International Journal of Obstetrics and Gynecology

ISSN 2736-1594

International Journal of Obstetrics and Gynecology ISSN 2326-7234 Vol. 4 (2), pp. 123-130, February, 2016. © International Scholars Journals

Full Length Research Paper

Comparative outcome of medical and surgical Management of urodynamically-proven mixed urinary incontinence

Tamer F Borg*, Hazem M Sammour**, Mohamed M Shahin***

*Associate Professor in the Obstetrics & Gynecology Department, Ain Shams University, Egypt.

**Professor in the Obstetrics & Gynecology Department, Ain Shams University, Egypt.

***Lecturer in the Obstetrics & Gynecology Department, Ain Shams University, Egypt.

*Corresponding author.E-mail:[email protected]
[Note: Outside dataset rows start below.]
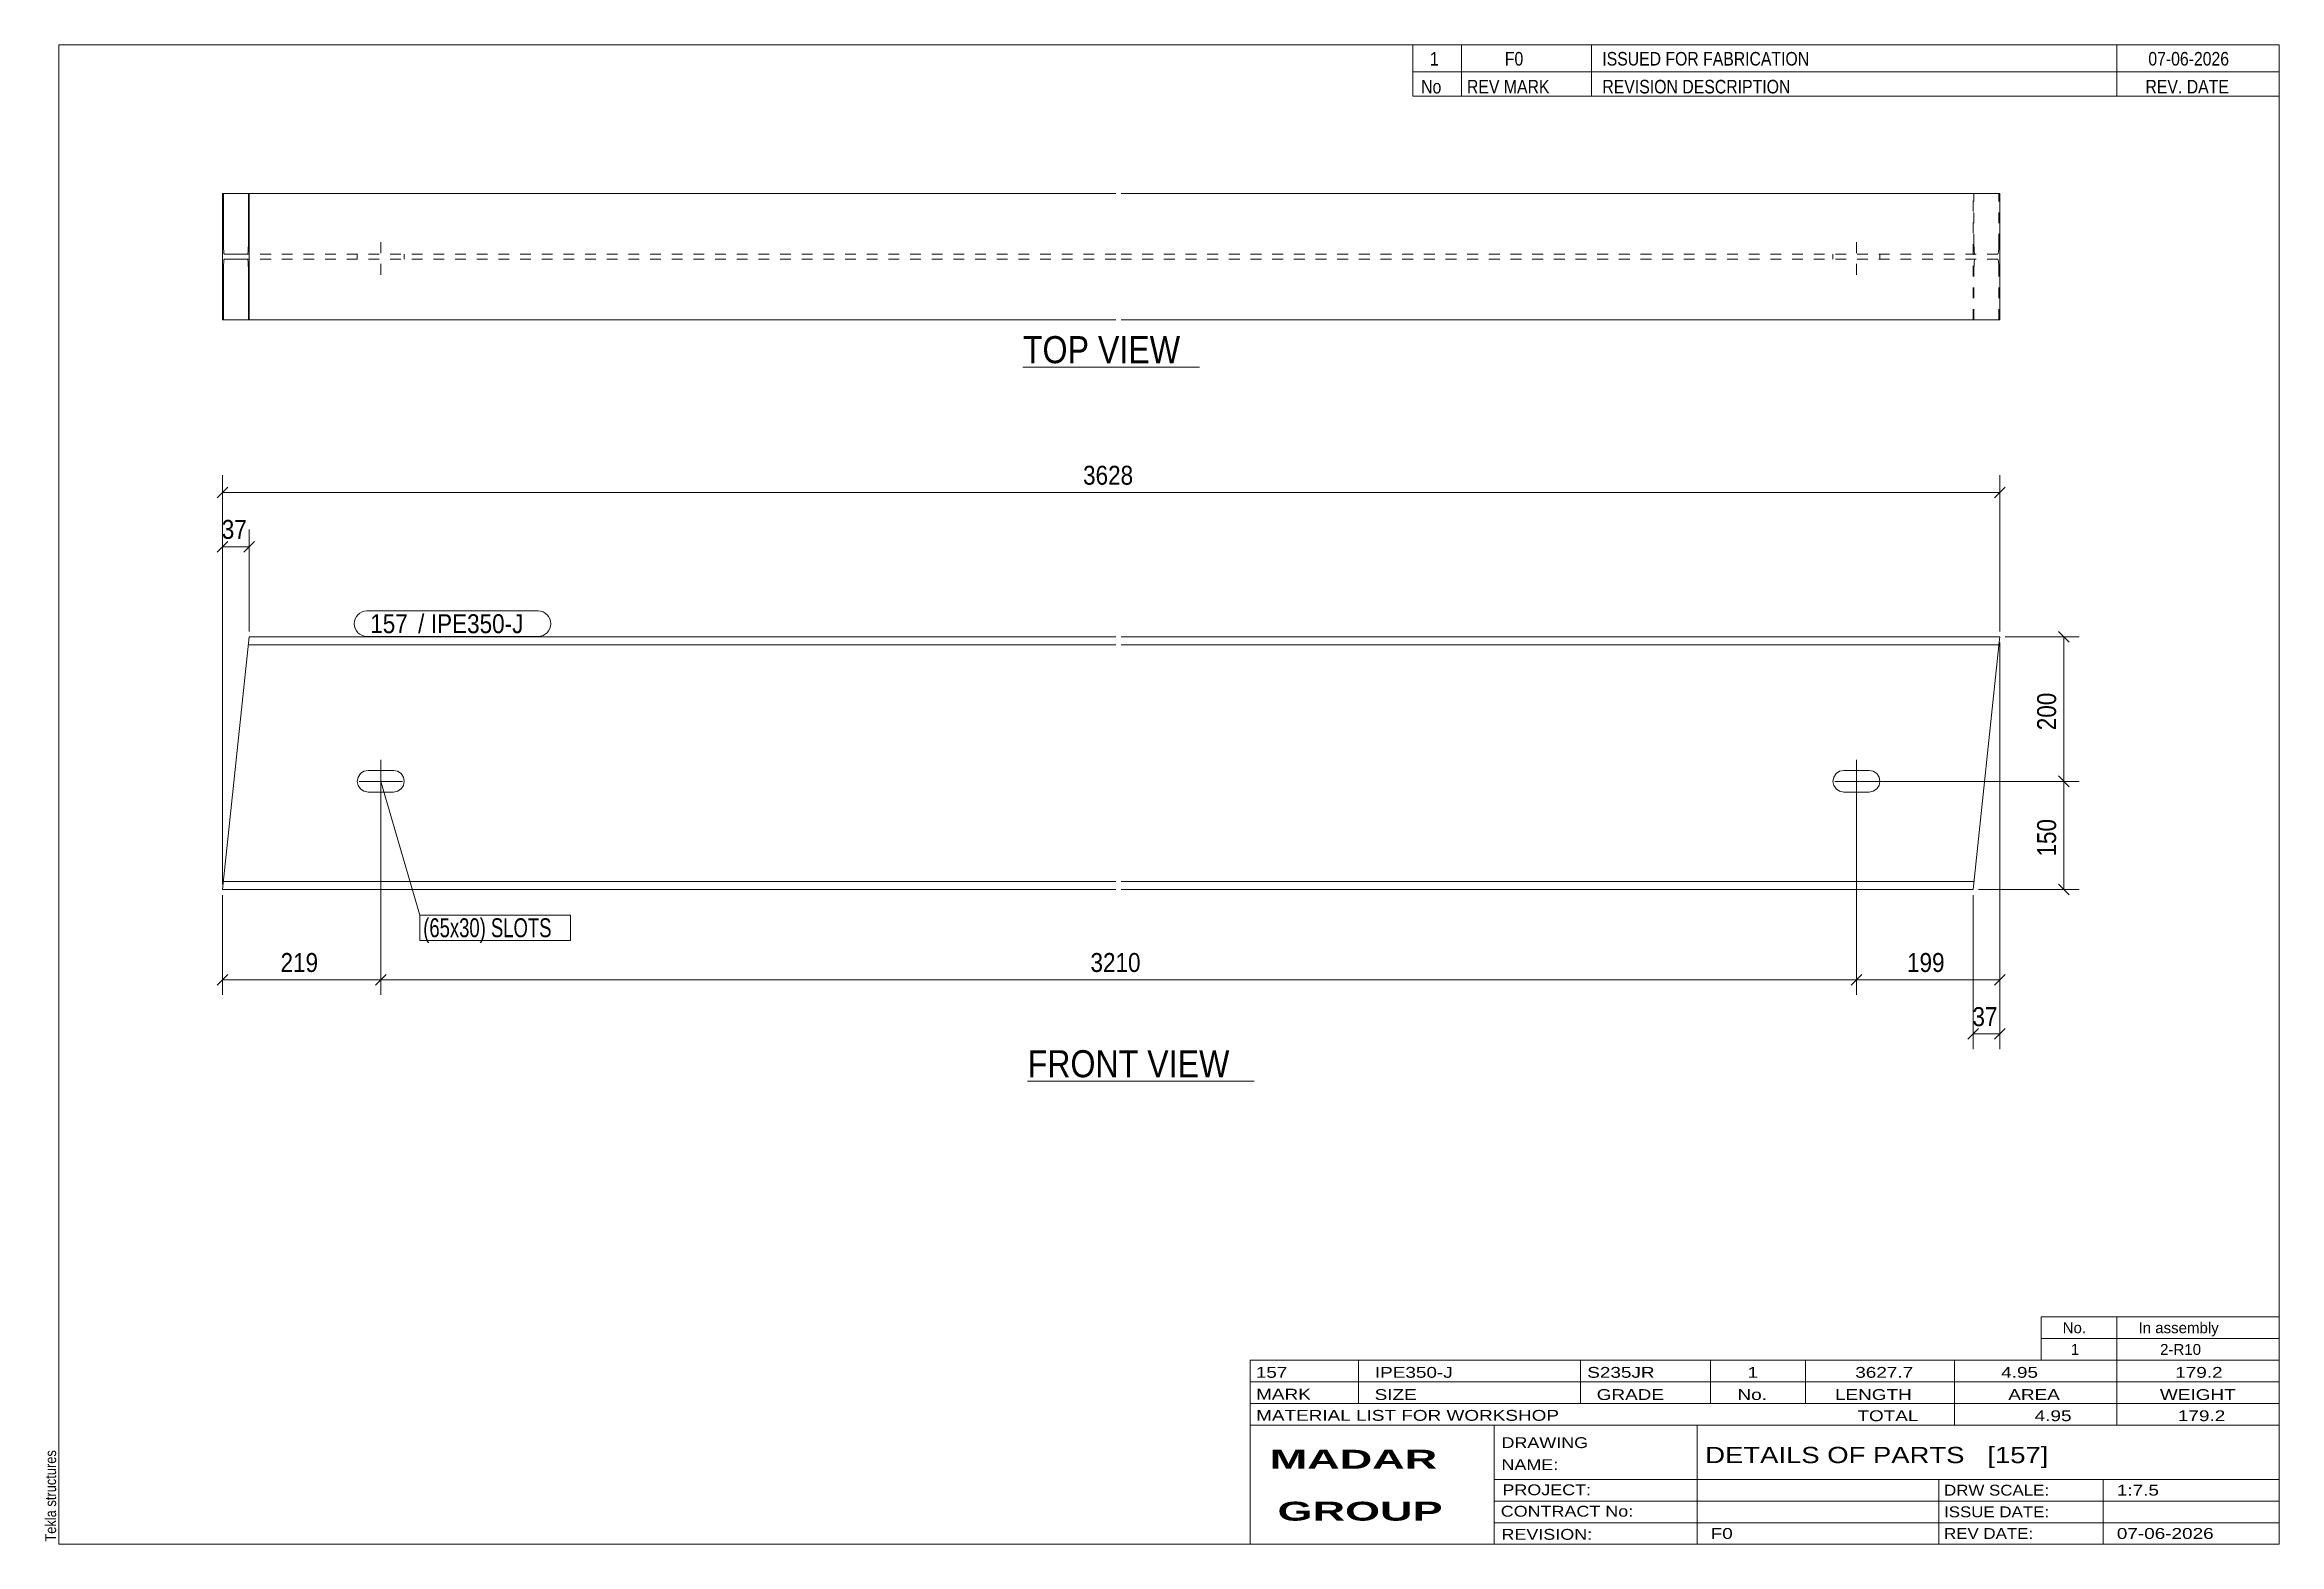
# Model space of a CAD drawing. Header units: millimetres. Extents: x 2 to 415, y 5 to 282.
import ezdxf

# ---------------------------------------------------------------- set-up
doc = ezdxf.new("R2010")
doc.units = ezdxf.units.MM
doc.linetypes.add('XKITLINE00', pattern=[0])
doc.linetypes.add('XKITLINE02', pattern=[4, 2, -2])
for name, color, linetype, lineweight in [('Bolt', 3, 'Continuous', 0), ('BoltMark', 7, 'Continuous', 0), ('Dimensions', 7, 'Continuous', 0), ('DrawingSheet', 5, 'Continuous', 0), ('OtherObjectType', 7, 'Continuous', 0), ('Part', 2, 'Continuous', 0), ('PartMark', 7, 'Continuous', 0)]:
    doc.layers.add(name, color=color, linetype=linetype, lineweight=lineweight)
doc.styles.add('ARIAL', font='ARIAL.TTF')
doc.styles.add('ARIAL_BOLD', font='ARIALBD.TTF')
doc.styles.add('ARIAL_NARROW', font='ARIALN.TTF')

# ---------------------------------------------------------------- blocks, each defined once
blk = doc.blocks.new('*A1')
at = {"layer": 'Bolt', "color": 3, "linetype": 'XKITLINE00', "lineweight": 0}
for p, q in [((64.45, 141.93), (64.45, 149.93)), ((336.91, 141.93), (336.91, 149.93)), ((60.11, 145.93), (60.27, 146.7)), ((60.27, 145.17), (60.11, 145.93)), ((60.11, 145.93), (60.11, 145.93)), ((60.27, 146.7), (60.7, 147.35)), ((60.7, 144.52), (60.27, 145.17)), ((60.45, 145.93), (68.45, 145.93)), ((60.7, 147.35), (61.35, 147.78)), ((61.35, 144.09), (60.7, 144.52)), ((61.35, 147.78), (62.11, 147.93)), ((62.11, 147.93), (66.78, 147.93)), ((66.78, 147.93), (67.55, 147.78)), ((67.55, 147.78), (68.19, 147.35)), ((68.19, 144.52), (67.55, 144.09)), ((68.19, 147.35), (68.63, 146.7)), ((68.63, 145.17), (68.19, 144.52)), ((68.63, 146.7), (68.78, 145.93)), ((68.78, 145.93), (68.63, 145.17)), ((68.78, 145.93), (68.78, 145.93)), ((332.58, 145.93), (332.73, 146.7)), ((332.73, 145.17), (332.58, 145.93)), ((332.58, 145.93), (332.58, 145.93)), ((332.73, 146.7), (333.17, 147.35)), ((333.17, 144.52), (332.73, 145.17)), ((332.91, 145.93), (340.91, 145.93)), ((333.17, 147.35), (333.82, 147.78)), ((333.82, 144.09), (333.17, 144.52)), ((333.82, 147.78), (334.58, 147.93)), ((334.58, 147.93), (339.25, 147.93)), ((339.25, 147.93), (340.01, 147.78)), ((340.01, 147.78), (340.66, 147.35)), ((340.66, 144.52), (340.01, 144.09)), ((340.66, 147.35), (341.09, 146.7)), ((341.09, 145.17), (340.66, 144.52)), ((341.09, 146.7), (341.25, 145.93)), ((341.25, 145.93), (341.09, 145.17)), ((341.25, 145.93), (341.25, 145.93)), ((62.11, 143.93), (61.35, 144.09)), ((66.78, 143.93), (62.11, 143.93)), ((67.55, 144.09), (66.78, 143.93)), ((334.58, 143.93), (333.82, 144.09)), ((339.25, 143.93), (334.58, 143.93)), ((340.01, 144.09), (339.25, 143.93))]:
    blk.add_line(p, q, dxfattribs=at)
blk = doc.blocks.new('*A2')
at = {"layer": 'Part', "color": 2, "linetype": 'XKITLINE00', "lineweight": 0}
for p, q in [((40.15, 172.6), (35.23, 125.93)), ((200.18, 171.13), (40, 171.13)), ((200.18, 172.6), (40.15, 172.6)), ((363.39, 172.6), (201.18, 172.6)), ((363.24, 171.13), (201.18, 171.13)), ((363.22, 171), (358.47, 125.93)), ((363.24, 171.13), (363.22, 171)), ((363.39, 172.6), (363.24, 171.13)), ((200.18, 125.93), (35.23, 125.93)), ((200.18, 127.4), (35.38, 127.4)), ((358.62, 127.4), (201.18, 127.4)), ((358.47, 125.93), (201.18, 125.93))]:
    blk.add_line(p, q, dxfattribs=at)
at = {"layer": 'Part', "color": 7, "linetype": 'XKITLINE02', "lineweight": 0}
blk.add_line((358.64, 127.53), (358.62, 127.4), dxfattribs=at)
blk = doc.blocks.new('*A3')
at = {"layer": 'Bolt', "color": 3, "linetype": 'XKITLINE02', "lineweight": 0}
for p, q in [((64.45, 239.5), (64.45, 246.17)), ((336.91, 239.5), (336.91, 246.17)), ((60.11, 243.3), (60.11, 242.37)), ((68.78, 243.3), (68.78, 242.37)), ((332.58, 243.3), (332.58, 242.37)), ((341.25, 243.3), (341.25, 242.37))]:
    blk.add_line(p, q, dxfattribs=at)
blk = doc.blocks.new('*A4')
at = {"layer": 'Part', "color": 2, "linetype": 'XKITLINE00', "lineweight": 0}
for p, q in [((35.23, 254.5), (200.18, 254.5)), ((35.23, 231.17), (35.23, 254.5)), ((35.38, 245.03), (35.38, 254.5)), ((40, 245.03), (40, 254.5)), ((40.15, 231.17), (40.15, 254.5)), ((201.18, 254.5), (363.39, 254.5)), ((363.39, 254.5), (363.39, 231.17)), ((35.4, 244.37), (35.38, 245.03)), ((35.44, 243.81), (35.4, 244.37)), ((35.5, 243.43), (35.44, 243.81)), ((39.94, 243.81), (39.88, 243.43)), ((39.98, 244.37), (39.94, 243.81)), ((40, 245.03), (39.98, 244.37)), ((35.38, 240.63), (35.4, 241.3)), ((35.38, 231.17), (35.38, 240.63)), ((35.4, 241.3), (35.44, 241.86)), ((35.44, 241.86), (35.5, 242.23)), ((35.57, 243.3), (35.5, 243.43)), ((35.5, 242.23), (35.57, 242.37)), ((39.81, 243.3), (35.57, 243.3)), ((39.81, 242.37), (35.57, 242.37)), ((39.88, 243.43), (39.81, 243.3)), ((39.81, 242.37), (39.88, 242.23)), ((39.88, 242.23), (39.94, 241.86)), ((39.94, 241.86), (39.98, 241.3)), ((39.98, 241.3), (40, 240.63)), ((40, 231.17), (40, 240.63)), ((200.18, 231.17), (35.23, 231.17)), ((363.39, 231.17), (201.18, 231.17))]:
    blk.add_line(p, q, dxfattribs=at)
at = {"layer": 'Part', "color": 7, "linetype": 'XKITLINE02', "lineweight": 0}
for p, q in [((358.47, 231.17), (358.47, 254.5)), ((358.62, 245.03), (358.62, 254.5)), ((363.24, 245.03), (363.24, 254.5)), ((358.62, 245.03), (358.64, 244.37)), ((358.64, 244.37), (358.68, 243.81)), ((358.68, 243.81), (358.74, 243.43)), ((363.12, 243.43), (363.18, 243.81)), ((363.18, 243.81), (363.22, 244.37)), ((363.22, 244.37), (363.24, 245.03)), ((200.18, 243.3), (39.81, 243.3)), ((200.18, 242.37), (39.81, 242.37)), ((363.05, 243.3), (201.18, 243.3)), ((363.05, 242.37), (201.18, 242.37)), ((358.64, 241.3), (358.62, 240.63)), ((358.62, 231.17), (358.62, 240.63)), ((358.68, 241.86), (358.64, 241.3)), ((358.74, 242.23), (358.68, 241.86)), ((358.74, 243.43), (358.81, 243.3)), ((358.81, 242.37), (358.74, 242.23)), ((363.05, 243.3), (363.12, 243.43)), ((363.12, 242.23), (363.05, 242.37)), ((363.18, 241.86), (363.12, 242.23)), ((363.22, 241.3), (363.18, 241.86)), ((363.24, 240.63), (363.22, 241.3)), ((363.24, 231.17), (363.24, 240.63))]:
    blk.add_line(p, q, dxfattribs=at)
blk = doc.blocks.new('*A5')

Received 04 February, 2016; Accepted 21 February, 2016

Abstract

This double armed clinical trial aimed to compare the outcome of medical versus surgical management of patients with urodynamically-proven mixed incontinence and to identify risk factors for success of each. 138 patients with mixed urinary incontinence (MUI) were studied. 78 patients with urge predominant were allocated medical treatment, 60 patients were classified as stress predominant and allocated surgical treatment. The primary outcome (Patient Global Impression Index of Improvement (PGI-I)) was analyzed in 129 (93.4%) patients. 63.3% of patients in the surgical group showed improvement of their stress component with 43.3% showing improvement in both stress and urgency components. 51.2% of patients in the medical group showed improvement in their urgency component with 33.3% showing improvement in both stress and urgency components. Maximal detrusor pressure and maximal urethral closure pressure were the only independent predictors of failure of medical treatment while the Valsalva leak point pressure was the only independent predictor of failure of surgical treatment. A prediction regression model can predict the outcome of the medical or surgical route.

Keywords: Incontinence surgery, Mixed urinary incontinence (MUI), Medical management of MUI, Predictors of failure, Prediction regression model, Urodynamic studies.